What is needed is an exact copy of the lines in the listing below, from the one with "line L16 (80, -90.8579) -> (80, -105)" up to and including the one with "line L24 (-65.8579, 105)", with no other lines.
_____
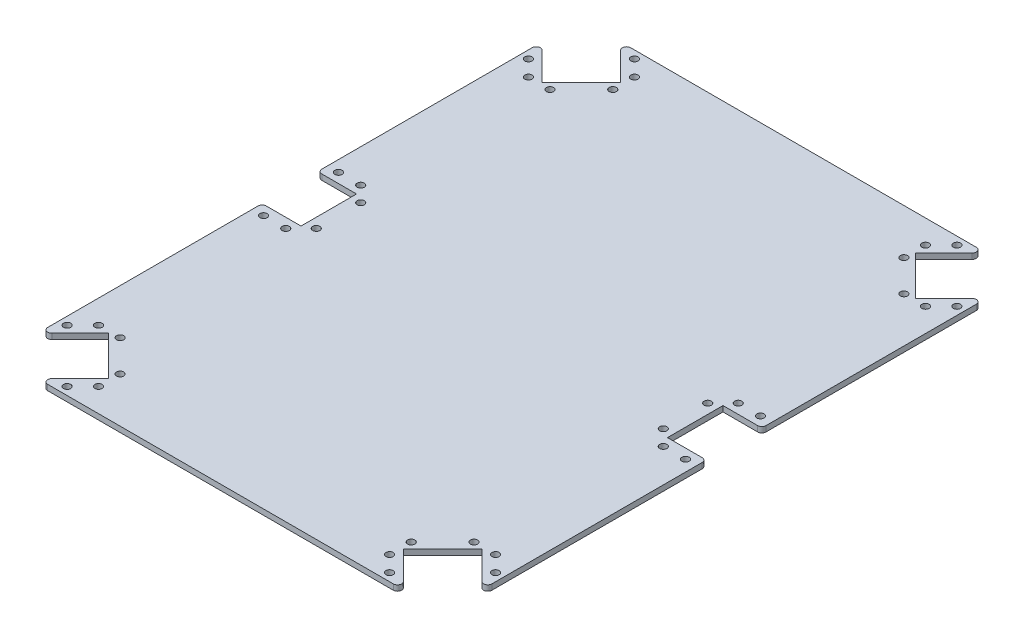
SolidWorks part; units mm, degrees
ref_plane "Front Plane" through (0, 0, 0) normal (0, 0, 1) x (1, 0, 0)
ref_plane "Top Plane" through (0, 0, 0) normal (0, 1, 0) x (1, 0, 0)
ref_plane "Right Plane" through (0, 0, 0) normal (1, 0, 0) x (0, 0, -1)
sketch "Sketch2" plane through (0, 0, 0) normal (0, 1, 0) x (1, 0, 0)
  line L0 (-80, 0) -> (80, 0) construction
  line L1 (-80, 105) -> (80, 105)
  line L2 (-80, 105) -> (-80, -105)
  line L3 (-80, -105) -> (80, -105)
  line L4 (80, 105) -> (80, -105)
  line L5 (80, 105) -> (0, 25) construction
  line L7 (0, 105) -> (0, -105) construction
  line L8 (52.4228, 88.7365) -> (48.5337, 92.6256) construction
  line L9 (48.5337, 92.6256) -> (52.4228, 96.5147) construction
  line L10 (52.4228, 96.5147) -> (58.0797, 102.1716) construction
  line L11 (58.0797, 102.1716) -> (60.9081, 105) construction
  circle A5 centre (52.4228, 88.7365) radius 1.3
  circle A6 centre (52.4228, 96.5147) radius 1.3
  circle A7 centre (58.0797, 102.1716) radius 1.3
  circle A8 centre (76, 13.5) radius 1.3
  circle A9 centre (68, 13.5) radius 1.3
  circle A10 centre (62.5, 8) radius 1.3
  circle A11 centre (62.5, -8) radius 1.3
  circle A12 centre (68, -13.5) radius 1.3
  circle A13 centre (76, -13.5) radius 1.3
  circle A14 centre (77.1716, 83.0797) radius 1.3
  circle A15 centre (71.5147, 77.4228) radius 1.3
  circle A16 centre (63.7365, 77.4228) radius 1.3
  circle A17 centre (77.1716, -83.0797) radius 1.3
  circle A18 centre (71.5147, -77.4228) radius 1.3
  circle A19 centre (63.7365, -77.4228) radius 1.3
  circle A20 centre (58.0797, -102.1716) radius 1.3
  circle A21 centre (52.4228, -96.5147) radius 1.3
  circle A22 centre (52.4228, -88.7365) radius 1.3
  circle A23 centre (-58.0797, 102.1716) radius 1.3
  circle A24 centre (-52.4228, 96.5147) radius 1.3
  circle A25 centre (-52.4228, 88.7365) radius 1.3
  circle A26 centre (-77.1716, 83.0797) radius 1.3
  circle A27 centre (-71.5147, 77.4228) radius 1.3
  circle A28 centre (-63.7365, 77.4228) radius 1.3
  circle A29 centre (-77.1716, -83.0797) radius 1.3
  circle A30 centre (-71.5147, -77.4228) radius 1.3
  circle A31 centre (-63.7365, -77.4228) radius 1.3
  circle A32 centre (-52.4228, -88.7365) radius 1.3
  circle A33 centre (-52.4228, -96.5147) radius 1.3
  circle A34 centre (-58.0797, -102.1716) radius 1.3
  circle A35 centre (-62.5, -8) radius 1.3
  circle A36 centre (-68, -13.5) radius 1.3
  circle A37 centre (-76, -13.5) radius 1.3
  circle A38 centre (-76, 13.5) radius 1.3
  circle A39 centre (-68, 13.5) radius 1.3
  circle A40 centre (-62.5, 8) radius 1.3
  point P0 (0, 0)
  point P27 (0, 0)
  dimension "D6" = 5.5
  dimension "D10" = 8
  dimension "D11" = 5.5
  dimension "D2" = 2.6
  dimension "D3" = 8
  dimension "D4" = 4
  dimension "D5" = 5.5
  dimension "D7" = 45
  dimension "D8" = 160
  dimension "D9" = 210
  dimension "D12" = 5.5
  dimension "D13" = 8
  dimension "D14" = 4
  dimension "D15" = 8
extrude "Boss-Extrude1" add sketch "Sketch2" along normal blind 2
sketch "Sketch3" plane through (0, 2, 0) normal (0, 1, 0) x (1, 0, 0)
  line L0 (0, -105) -> (0, 105) construction
  line L1 (-80, -105) -> (80, -105) construction
  line L2 (80, 105) -> (-80, 105) construction
  line L3 (-80, 0) -> (80, 0) construction
  line L4 (-80, 105) -> (-80, -105) construction
  line L5 (80, -105) -> (80, 105) construction
  line L6 (80, 105) -> (0, 25) construction
  line L7 (80, -10) -> (66, -10)
  line L8 (80, -10) -> (80, 10)
  line L9 (80, 10) -> (66, 10)
  line L10 (66, -10) -> (66, 10)
  line L11 (65.8579, 105) -> (53.1299, 92.2721)
  line L12 (53.1299, 92.2721) -> (67.2721, 78.1299)
  line L13 (67.2721, 78.1299) -> (80, 90.8579)
  line L14 (80, 90.8579) -> (80, 105)
  line L15 (80, 105) -> (65.8579, 105)
  line L16 (80, -90.8579) -> (80, -105)
  line L17 (67.2721, -78.1299) -> (80, -90.8579)
  line L18 (53.1299, -92.2721) -> (67.2721, -78.1299)
  line L19 (65.8579, -105) -> (53.1299, -92.2721)
  line L20 (80, -105) -> (65.8579, -105)
  line L21 (-80, 90.8579) -> (-80, 105)
  line L22 (-67.2721, 78.1299) -> (-80, 90.8579)
  line L23 (-53.1299, 92.2721) -> (-67.2721, 78.1299)
  line L24 (-65.8579, 105) -> (-53.1299, 92.2721)
  line L25 (-80, 105) -> (-65.8579, 105)
  line L26 (-80, 10) -> (-66, 10)
  line L27 (-66, -10) -> (-66, 10)
  line L28 (-80, -10) -> (-66, -10)
  line L29 (-80, -10) -> (-80, 10)
  line L30 (-67.2721, -78.1299) -> (-80, -90.8579)
  line L31 (-53.1299, -92.2721) -> (-67.2721, -78.1299)
  line L32 (-65.8579, -105) -> (-53.1299, -92.2721)
  line L33 (-80, -105) -> (-65.8579, -105)
  line L34 (-80, -90.8579) -> (-80, -105)
  dimension "D1" = 10
  dimension "D2" = 20
  dimension "D3" = 14
  dimension "D4" = 45
  dimension "D5" = 18
  dimension "D6" = 20
  dimension "D7" = 10
extrude "Cut-Extrude1" cut sketch "Sketch3" against normal up to surface (2 mm away) up to face at (0, 0, 0)
fillet "Fillet1" radius 1.5 12 edges at (-80, 1, 10) (-80, 1, -10) (-80, 1, 90.8579) (-65.8579, 1, 105) (65.8579, 1, 105) (80, 1, 90.8579) (80, 1, 10) (80, 1, -10) (80, 1, -90.8579) (65.8579, 1, -105) (-80, 1, -90.8579) (-65.8579, 1, -105)
_____
> [Reply]:
  line L16 (80, -90.8579) -> (80, -105)
  line L17 (67.2721, -78.1299) -> (80, -90.8579)
  line L18 (53.1299, -92.2721) -> (67.2721, -78.1299)
  line L19 (65.8579, -105) -> (53.1299, -92.2721)
  line L20 (80, -105) -> (65.8579, -105)
  line L21 (-80, 90.8579) -> (-80, 105)
  line L22 (-67.2721, 78.1299) -> (-80, 90.8579)
  line L23 (-53.1299, 92.2721) -> (-67.2721, 78.1299)
  line L24 (-65.8579, 105) -> (-53.1299, 92.2721)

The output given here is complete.